Pero ¿Cómo distraes a un tipo con el que ni siquiera has tratado? No es como si pudiera ir, pararse junto a él y entablar una conversación. No estaban ni cerca de ser amigos. Obviamente no podía hacer las cosas así. Además, estábamos hablando de Plagg. Tenía que ser algo muy Plagg para que salieran bien.

Relativamente.

Por lo tanto, decidió que un tropezoncito no le haría daño. Solo sería un golpecito en el hombro, para desviar su atención. Un mínimo accidente fingido.

Las cosas nunca eran así de fáciles.

Se acercó a Nathaniel, quien estaba parado en medio del patio de la escuela, un poco mal ubicado, mirando a Marinette charlar con una profesora. No sería mala excusa decir que no lo vio o algo así. Plagg se acercó como quien no quiere a cosa, directo a tropezarse con el chico, apropósito.
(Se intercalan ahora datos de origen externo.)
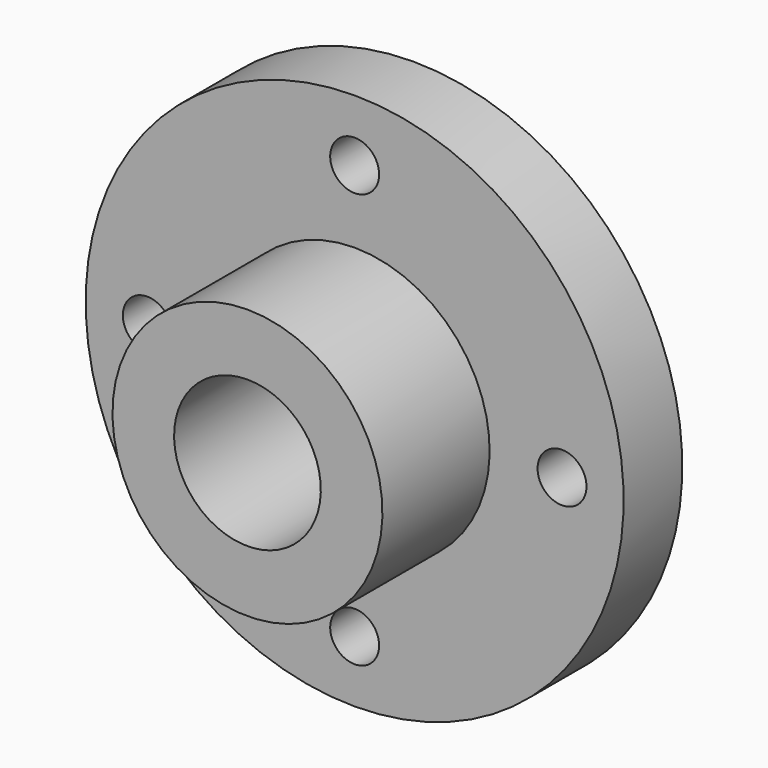
from build123d import *

# Parameters (mm, degrees)
F2_R     = 6.35
F3_DEPTH = 53.849


with BuildPart() as f1:
    # F0 (on Right) → F1 (revolve)
    with BuildSketch(Plane.YZ):
        Polygon((34.798, 35.052), (0, 35.052), (0, 19.05), (53.848, 19.05), (53.848, 69.85), (34.798, 69.85), align=None)
    revolve(axis=Axis((0, 53.1494372582, 0), (0, 1, 0)))

    # F2 (on Front) → F3 (cut, through all)
    with BuildSketch(Plane.XZ):
        with Locations((-53.848, 0)):
            Circle(F2_R)
        with Locations((0, 53.848)):
            Circle(F2_R)
        with Locations((53.848, 0)):
            Circle(F2_R)
        with Locations((0, -53.848)):
            Circle(F2_R)
    extrude(amount=-F3_DEPTH, mode=Mode.SUBTRACT)


solid = f1.part
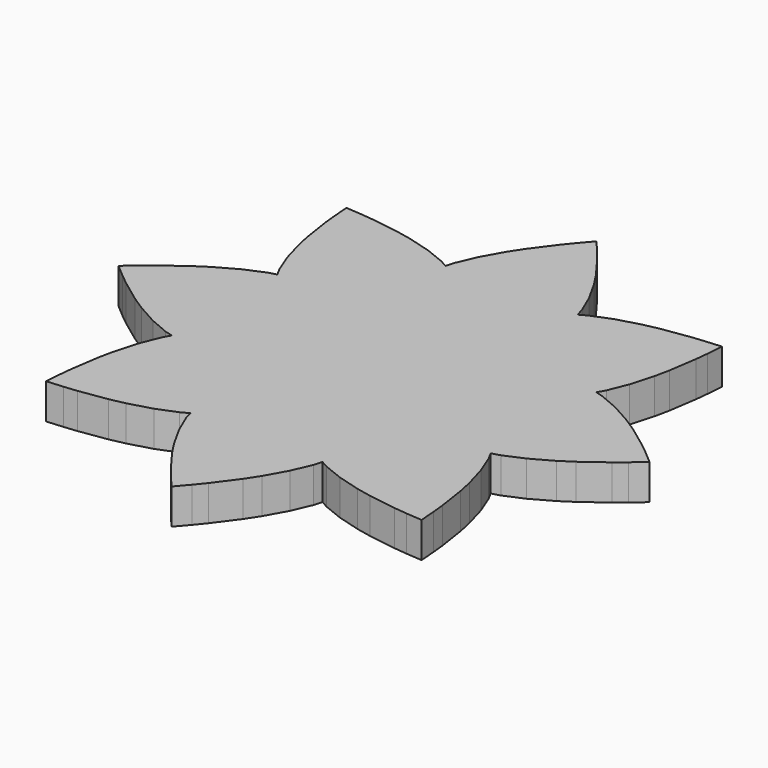
from build123d import *

# Parameters (mm, degrees)
F1_DEPTH = 6


with BuildPart() as f1:
    # F0 (on Top) → F1 (new body)
    with BuildSketch(Plane.XY):
        with BuildLine():
            ThreePointArc((11.0582894347, -1.2164948741), (11.1083098391, -0.6091613247), (11.125, 0))
            ThreePointArc((11.125, 0), (11.1083098391, 0.6091613247), (11.0582894347, 1.2164948741))
            Line((11.0582894347, 1.2164948741), (5.1512120865, 0.50045829))
            Line((5.1512120865, 0.50045829), (0, 0))
            Line((0, 0), (5.1512120865, -0.50045829))
            Line((5.1512120865, -0.50045829), (11.0582894347, -1.2164948741))
        make_face()
        with BuildLine():
            ThreePointArc((11.0582894347, 1.2164948741), (11.1083098391, 0.6091613247), (11.125, 0))
            ThreePointArc((11.125, 0), (11.1083098391, -0.6091613247), (11.0582894347, -1.2164948741))
            Line((11.0582894347, -1.2164948741), (14.5342076496, -1.8604729178))
            ThreePointArc((14.5342076496, -1.8604729178), (14.6231219501, -0.9321244087), (14.6528001242, 0))
            ThreePointArc((14.6528001242, 0), (14.6231219501, 0.9321244087), (14.5342076496, 1.8604729178))
            Line((14.5342076496, 1.8604729178), (11.0582894347, 1.2164948741))
        make_face()
        with BuildLine():
            Line((5.1512120865, 0.50045829), (11.0582894347, 1.2164948741))
            ThreePointArc((11.0582894347, 1.2164948741), (10.2781597992, 4.2573531851), (8.6795832223, 6.9591996729))
            Line((8.6795832223, 6.9591996729), (3.9963344483, 3.2885795472))
            Line((3.9963344483, 3.2885795472), (0, 0))
            Line((0, 0), (5.1512120865, 0.50045829))
        make_face()
        with BuildLine():
            ThreePointArc((8.6795832223, 6.9591996729), (10.2781597992, 4.2573531851), (11.0582894347, 1.2164948741))
            Line((11.0582894347, 1.2164948741), (14.5342076496, 1.8604729178))
            ThreePointArc((14.5342076496, 1.8604729178), (13.5374221288, 5.6073838453), (11.5927898046, 8.9616837719))
            Line((11.5927898046, 8.9616837719), (8.6795832223, 6.9591996729))
        make_face()
        with BuildLine():
            Line((14.5342076496, -1.8604729178), (11.0582894347, -1.2164948741))
            ThreePointArc((11.0582894347, -1.2164948741), (10.2781597992, -4.2573531851), (8.6795832223, -6.9591996729))
            Line((8.6795832223, -6.9591996729), (11.5927898046, -8.9616837719))
            ThreePointArc((11.5927898046, -8.9616837719), (13.5374221288, -5.6073838453), (14.5342076496, -1.8604729178))
        make_face()
        with BuildLine():
            ThreePointArc((8.6795832223, -6.9591996729), (10.2781597992, -4.2573531851), (11.0582894347, -1.2164948741))
            Line((11.0582894347, -1.2164948741), (5.1512120865, -0.50045829))
            Line((5.1512120865, -0.50045829), (0, 0))
            Line((0, 0), (3.9963344483, -3.2885795472))
            Line((3.9963344483, -3.2885795472), (8.6795832223, -6.9591996729))
        make_face()
        with BuildLine():
            Line((3.9963344483, 3.2885795472), (8.6795832223, 6.9591996729))
            ThreePointArc((8.6795832223, 6.9591996729), (7.8665629407, 7.8665629407), (6.9591996729, 8.6795832223))
            Line((6.9591996729, 8.6795832223), (3.2885795472, 3.9963344483))
            Line((3.2885795472, 3.9963344483), (0, 0))
            Line((0, 0), (3.9963344483, 3.2885795472))
        make_face()
        with BuildLine():
            ThreePointArc((6.9591996729, 8.6795832223), (7.8665629407, 7.8665629407), (8.6795832223, 6.9591996729))
            Line((8.6795832223, 6.9591996729), (11.5927898046, 8.9616837719))
            ThreePointArc((11.5927898046, 8.9616837719), (10.3610943312, 10.3610943312), (8.9616837719, 11.5927898046))
            Line((8.9616837719, 11.5927898046), (6.9591996729, 8.6795832223))
        make_face()
        with BuildLine():
            Line((15.430184363, 2.1339611713), (14.5342076496, 1.8604729178))
            ThreePointArc((14.5342076496, 1.8604729178), (14.6231219501, 0.9321244087), (14.6528001242, 0))
            ThreePointArc((14.6528001242, 0), (14.6231219501, -0.9321244087), (14.5342076496, -1.8604729178))
            Line((14.5342076496, -1.8604729178), (15.430184363, -2.1339611713))
            ThreePointArc((15.430184363, -2.1339611713), (15.124443045, 0), (15.430184363, 2.1339611713))
        make_face()
        with BuildLine():
            ThreePointArc((11.5927898046, 8.9616837719), (13.5374221288, 5.6073838453), (14.5342076496, 1.8604729178))
            Line((14.5342076496, 1.8604729178), (15.430184363, 2.1339611713))
            ThreePointArc((15.430184363, 2.1339611713), (18.8444497658, 6.5349561707), (24.3428657322, 7.4256789592))
            Line((24.3428657322, 7.4256789592), (26.2042805414, 9.6967201996))
            Line((26.2042805414, 9.6967201996), (27.0298449885, 11.1961283831))
            Line((27.0298449885, 11.1961283831), (25.3858410754, 11.6726078585))
            Line((25.3858410754, 11.6726078585), (22.4637533797, 11.9622574858))
            ThreePointArc((22.4637533797, 11.9622574858), (17.9459500402, 8.704126394), (12.419726413, 9.401849583))
            Line((12.419726413, 9.401849583), (11.5927898046, 8.9616837719))
        make_face()
        with BuildLine():
            Line((11.5927898046, -8.9616837719), (8.6795832223, -6.9591996729))
            ThreePointArc((8.6795832223, -6.9591996729), (7.8665629407, -7.8665629407), (6.9591996729, -8.6795832223))
            Line((6.9591996729, -8.6795832223), (8.9616837719, -11.5927898046))
            ThreePointArc((8.9616837719, -11.5927898046), (10.3610943312, -10.3610943312), (11.5927898046, -8.9616837719))
        make_face()
        with BuildLine():
            ThreePointArc((6.9591996729, -8.6795832223), (7.8665629407, -7.8665629407), (8.6795832223, -6.9591996729))
            Line((8.6795832223, -6.9591996729), (3.9963344483, -3.2885795472))
            Line((3.9963344483, -3.2885795472), (0, 0))
            Line((0, 0), (3.2885795472, -3.9963344483))
            Line((3.2885795472, -3.9963344483), (6.9591996729, -8.6795832223))
        make_face()
        with BuildLine():
            Line((15.430184363, -2.1339611713), (14.5342076496, -1.8604729178))
            ThreePointArc((14.5342076496, -1.8604729178), (13.5374221288, -5.6073838453), (11.5927898046, -8.9616837719))
            Line((11.5927898046, -8.9616837719), (12.419726413, -9.401849583))
            ThreePointArc((12.419726413, -9.401849583), (17.9459500402, -8.704126394), (22.4637533797, -11.9622574858))
            Line((22.4637533797, -11.9622574858), (25.3858410754, -11.6726078585))
            Line((25.3858410754, -11.6726078585), (27.0298449885, -11.1961283831))
            Line((27.0298449885, -11.1961283831), (26.2042805414, -9.6967201996))
            Line((26.2042805414, -9.6967201996), (24.3428657322, -7.4256789592))
            ThreePointArc((24.3428657322, -7.4256789592), (18.8444497658, -6.5349561707), (15.430184363, -2.1339611713))
        make_face()
        with BuildLine():
            Line((3.2885795472, 3.9963344483), (6.9591996729, 8.6795832223))
            ThreePointArc((6.9591996729, 8.6795832223), (4.2573531851, 10.2781597992), (1.2164948741, 11.0582894347))
            Line((1.2164948741, 11.0582894347), (0.50045829, 5.1512120865))
            Line((0.50045829, 5.1512120865), (0, 0))
            Line((0, 0), (3.2885795472, 3.9963344483))
        make_face()
        with BuildLine():
            ThreePointArc((1.2164948741, 11.0582894347), (4.2573531851, 10.2781597992), (6.9591996729, 8.6795832223))
            Line((6.9591996729, 8.6795832223), (8.9616837719, 11.5927898046))
            ThreePointArc((8.9616837719, 11.5927898046), (5.6073838453, 13.5374221288), (1.8604729178, 14.5342076496))
            Line((1.8604729178, 14.5342076496), (1.2164948741, 11.0582894347))
        make_face()
        with BuildLine():
            ThreePointArc((8.9616837719, 11.5927898046), (10.3610943312, 10.3610943312), (11.5927898046, 8.9616837719))
            Line((11.5927898046, 8.9616837719), (12.419726413, 9.401849583))
            ThreePointArc((12.419726413, 9.401849583), (10.6945962388, 10.6945962388), (9.401849583, 12.419726413))
            Line((9.401849583, 12.419726413), (8.9616837719, 11.5927898046))
        make_face()
        with BuildLine():
            Line((-0.50045829, 5.1512120865), (0, 0))
            Line((0, 0), (0.50045829, 5.1512120865))
            Line((0.50045829, 5.1512120865), (1.2164948741, 11.0582894347))
            ThreePointArc((1.2164948741, 11.0582894347), (0, 11.125), (-1.2164948741, 11.0582894347))
            Line((-1.2164948741, 11.0582894347), (-0.50045829, 5.1512120865))
        make_face()
        with BuildLine():
            Line((-3.9963344483, 3.2885795472), (0, 0))
            Line((0, 0), (-3.2885795472, 3.9963344483))
            Line((-3.2885795472, 3.9963344483), (-6.9591996729, 8.6795832223))
            ThreePointArc((-6.9591996729, 8.6795832223), (-7.8665629407, 7.8665629407), (-8.6795832223, 6.9591996729))
            Line((-8.6795832223, 6.9591996729), (-3.9963344483, 3.2885795472))
        make_face()
        with BuildLine():
            Line((-5.1512120865, -0.50045829), (0, 0))
            Line((0, 0), (-5.1512120865, 0.50045829))
            Line((-5.1512120865, 0.50045829), (-11.0582894347, 1.2164948741))
            ThreePointArc((-11.0582894347, 1.2164948741), (-11.125, 0), (-11.0582894347, -1.2164948741))
            Line((-11.0582894347, -1.2164948741), (-5.1512120865, -0.50045829))
        make_face()
        with BuildLine():
            Line((-3.2885795472, 3.9963344483), (0, 0))
            Line((0, 0), (-0.50045829, 5.1512120865))
            Line((-0.50045829, 5.1512120865), (-1.2164948741, 11.0582894347))
            ThreePointArc((-1.2164948741, 11.0582894347), (-4.2573531851, 10.2781597992), (-6.9591996729, 8.6795832223))
            Line((-6.9591996729, 8.6795832223), (-3.2885795472, 3.9963344483))
        make_face()
        with BuildLine():
            Line((-3.2885795472, -3.9963344483), (0, 0))
            Line((0, 0), (-3.9963344483, -3.2885795472))
            Line((-3.9963344483, -3.2885795472), (-8.6795832223, -6.9591996729))
            ThreePointArc((-8.6795832223, -6.9591996729), (-7.8665629407, -7.8665629407), (-6.9591996729, -8.6795832223))
            Line((-6.9591996729, -8.6795832223), (-3.2885795472, -3.9963344483))
        make_face()
        with BuildLine():
            Line((-5.1512120865, 0.50045829), (0, 0))
            Line((0, 0), (-3.9963344483, 3.2885795472))
            Line((-3.9963344483, 3.2885795472), (-8.6795832223, 6.9591996729))
            ThreePointArc((-8.6795832223, 6.9591996729), (-10.2781597992, 4.2573531851), (-11.0582894347, 1.2164948741))
            Line((-11.0582894347, 1.2164948741), (-5.1512120865, 0.50045829))
        make_face()
        with BuildLine():
            Line((0.50045829, -5.1512120865), (0, 0))
            Line((0, 0), (-0.50045829, -5.1512120865))
            Line((-0.50045829, -5.1512120865), (-1.2164948741, -11.0582894347))
            ThreePointArc((-1.2164948741, -11.0582894347), (0, -11.125), (1.2164948741, -11.0582894347))
            Line((1.2164948741, -11.0582894347), (0.50045829, -5.1512120865))
        make_face()
        with BuildLine():
            Line((-3.9963344483, -3.2885795472), (0, 0))
            Line((0, 0), (-5.1512120865, -0.50045829))
            Line((-5.1512120865, -0.50045829), (-11.0582894347, -1.2164948741))
            ThreePointArc((-11.0582894347, -1.2164948741), (-10.2781597992, -4.2573531851), (-8.6795832223, -6.9591996729))
            Line((-8.6795832223, -6.9591996729), (-3.9963344483, -3.2885795472))
        make_face()
        with BuildLine():
            Line((-0.50045829, -5.1512120865), (0, 0))
            Line((0, 0), (-3.2885795472, -3.9963344483))
            Line((-3.2885795472, -3.9963344483), (-6.9591996729, -8.6795832223))
            ThreePointArc((-6.9591996729, -8.6795832223), (-4.2573531851, -10.2781597992), (-1.2164948741, -11.0582894347))
            Line((-1.2164948741, -11.0582894347), (-0.50045829, -5.1512120865))
        make_face()
        with BuildLine():
            Line((3.2885795472, -3.9963344483), (0, 0))
            Line((0, 0), (0.50045829, -5.1512120865))
            Line((0.50045829, -5.1512120865), (1.2164948741, -11.0582894347))
            ThreePointArc((1.2164948741, -11.0582894347), (4.2573531851, -10.2781597992), (6.9591996729, -8.6795832223))
            Line((6.9591996729, -8.6795832223), (3.2885795472, -3.9963344483))
        make_face()
        with BuildLine():
            Line((18.2448972854, 2.9931251538), (15.430184363, 2.1339611713))
            ThreePointArc((15.430184363, 2.1339611713), (15.124443045, 0), (15.430184363, -2.1339611713))
            Line((15.430184363, -2.1339611713), (18.2448972854, -2.9931251538))
            Line((18.2448972854, -2.9931251538), (20.6460986755, -4.1929594678))
            Line((20.6460986755, -4.1929594678), (23.4293033696, -6.311076351))
            Line((23.4293033696, -6.311076351), (24.3428657322, -7.4256789592))
            ThreePointArc((24.3428657322, -7.4256789592), (28.6430582725, -4.767598325), (30.324443045, 0))
            ThreePointArc((30.324443045, 0), (28.6430582725, 4.767598325), (24.3428657322, 7.4256789592))
            Line((24.3428657322, 7.4256789592), (23.4293033696, 6.311076351))
            Line((23.4293033696, 6.311076351), (20.6460986755, 4.1929594678))
            Line((20.6460986755, 4.1929594678), (18.2448972854, 2.9931251538))
        make_face()
        with BuildLine():
            ThreePointArc((24.3428657322, 7.4256789592), (18.8444497658, 6.5349561707), (15.430184363, 2.1339611713))
            Line((15.430184363, 2.1339611713), (18.2448972854, 2.9931251538))
            Line((18.2448972854, 2.9931251538), (20.6460986755, 4.1929594678))
            Line((20.6460986755, 4.1929594678), (23.4293033696, 6.311076351))
            Line((23.4293033696, 6.311076351), (24.3428657322, 7.4256789592))
        make_face()
        with BuildLine():
            Line((8.9616837719, -11.5927898046), (6.9591996729, -8.6795832223))
            ThreePointArc((6.9591996729, -8.6795832223), (4.2573531851, -10.2781597992), (1.2164948741, -11.0582894347))
            Line((1.2164948741, -11.0582894347), (1.8604729178, -14.5342076496))
            ThreePointArc((1.8604729178, -14.5342076496), (5.6073838453, -13.5374221288), (8.9616837719, -11.5927898046))
        make_face()
        with BuildLine():
            Line((12.419726413, -9.401849583), (11.5927898046, -8.9616837719))
            ThreePointArc((11.5927898046, -8.9616837719), (10.3610943312, -10.3610943312), (8.9616837719, -11.5927898046))
            Line((8.9616837719, -11.5927898046), (9.401849583, -12.419726413))
            ThreePointArc((9.401849583, -12.419726413), (10.6945962388, -10.6945962388), (12.419726413, -9.401849583))
        make_face()
        with BuildLine():
            Line((18.2448972854, -2.9931251538), (15.430184363, -2.1339611713))
            ThreePointArc((15.430184363, -2.1339611713), (18.8444497658, -6.5349561707), (24.3428657322, -7.4256789592))
            Line((24.3428657322, -7.4256789592), (23.4293033696, -6.311076351))
            Line((23.4293033696, -6.311076351), (20.6460986755, -4.1929594678))
            Line((20.6460986755, -4.1929594678), (18.2448972854, -2.9931251538))
        make_face()
        with BuildLine():
            ThreePointArc((-1.2164948741, 11.0582894347), (0, 11.125), (1.2164948741, 11.0582894347))
            Line((1.2164948741, 11.0582894347), (1.8604729178, 14.5342076496))
            ThreePointArc((1.8604729178, 14.5342076496), (0, 14.6528001242), (-1.8604729178, 14.5342076496))
            Line((-1.8604729178, 14.5342076496), (-1.2164948741, 11.0582894347))
        make_face()
        with BuildLine():
            ThreePointArc((1.8604729178, 14.5342076496), (5.6073838453, 13.5374221288), (8.9616837719, 11.5927898046))
            Line((8.9616837719, 11.5927898046), (9.401849583, 12.419726413))
            ThreePointArc((9.401849583, 12.419726413), (8.704126394, 17.9459500402), (11.9622574858, 22.4637533797))
            Line((11.9622574858, 22.4637533797), (11.6726078585, 25.3858410754))
            Line((11.6726078585, 25.3858410754), (11.1961283831, 27.0298449885))
            Line((11.1961283831, 27.0298449885), (9.6967201996, 26.2042805414))
            Line((9.6967201996, 26.2042805414), (7.4256789592, 24.3428657322))
            ThreePointArc((7.4256789592, 24.3428657322), (7.5562940682, 23.538334902), (7.6, 22.724443045))
            ThreePointArc((7.6, 22.724443045), (6.0818625807, 18.1669275432), (2.1339611713, 15.430184363))
            Line((2.1339611713, 15.430184363), (1.8604729178, 14.5342076496))
        make_face()
        with BuildLine():
            ThreePointArc((9.401849583, 12.419726413), (10.6945962388, 10.6945962388), (12.419726413, 9.401849583))
            Line((12.419726413, 9.401849583), (15.0175496857, 10.7846314994))
            Line((15.0175496857, 10.7846314994), (17.5638664514, 11.6341263056))
            Line((17.5638664514, 11.6341263056), (21.0296241755, 12.1044144067))
            Line((21.0296241755, 12.1044144067), (22.4637533797, 11.9622574858))
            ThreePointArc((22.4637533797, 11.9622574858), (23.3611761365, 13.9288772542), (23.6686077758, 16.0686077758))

Pero faltando solo un par de pasos, no vio que tenía suelta una agujeta del zapato, la piso y se tropezó, muy en serio.

La mitad de su cuerpo choco con el suelo, la otra mitad dio contra el delgado cuerpo del pelirrojo, lo que no amortiguo mucho la caída, a decir verdad.

Aparentemente, Nathaniel si había alcanzado a golpearse la cabeza al caer, y ahora se quejaba tendido en suelo. Varias personas llegaron a ver como se encontraban, haciendo parecer todo más grave de lo que en realidad era.

Bueno, pero había distraído al pelirrojo.

¿Marinette tendría novio? Era la constante pregunta que se hacía Nathaniel, es decir, nunca la había hablando con ningún otro chico. Unas cuantas veces con Adrien Agreste pero esas conversaciones no parecían durar mucho. Desde el inicio del año escolar los había visto hablarse fuera de la escuela, como en la fiesta de Halloween y la reunión en casa de los Agreste, pero ¿Cómo no se van a tratar si es obvio que sus amigos están saliendo?

Por lo demás, siempre que levantaba la vista de su block de dibujo, ella estaba con Alya y Tikki nada más.

Ahora otra cuestión ¿Cómo una chica tan linda como Marinette no tenía ningún pretendiente? Eso era extraño, pero a él no le venía mal. Quería decir que nadie le haría competencia y podía ir a invitarla a salir más tranquilamente.

Sip, eso haría.

Invitaría a salir a Marinette.

-Mejor mantén un ojo en Nathaniel- le aconsejo Nino a su mejor amigo- no querrás tener competencia por Marinette ¿o sí?

-No seas tonto, Nino…

-¿No crees que alguien más pueda gustar de Marinette?- el moreno arqueo una ceja.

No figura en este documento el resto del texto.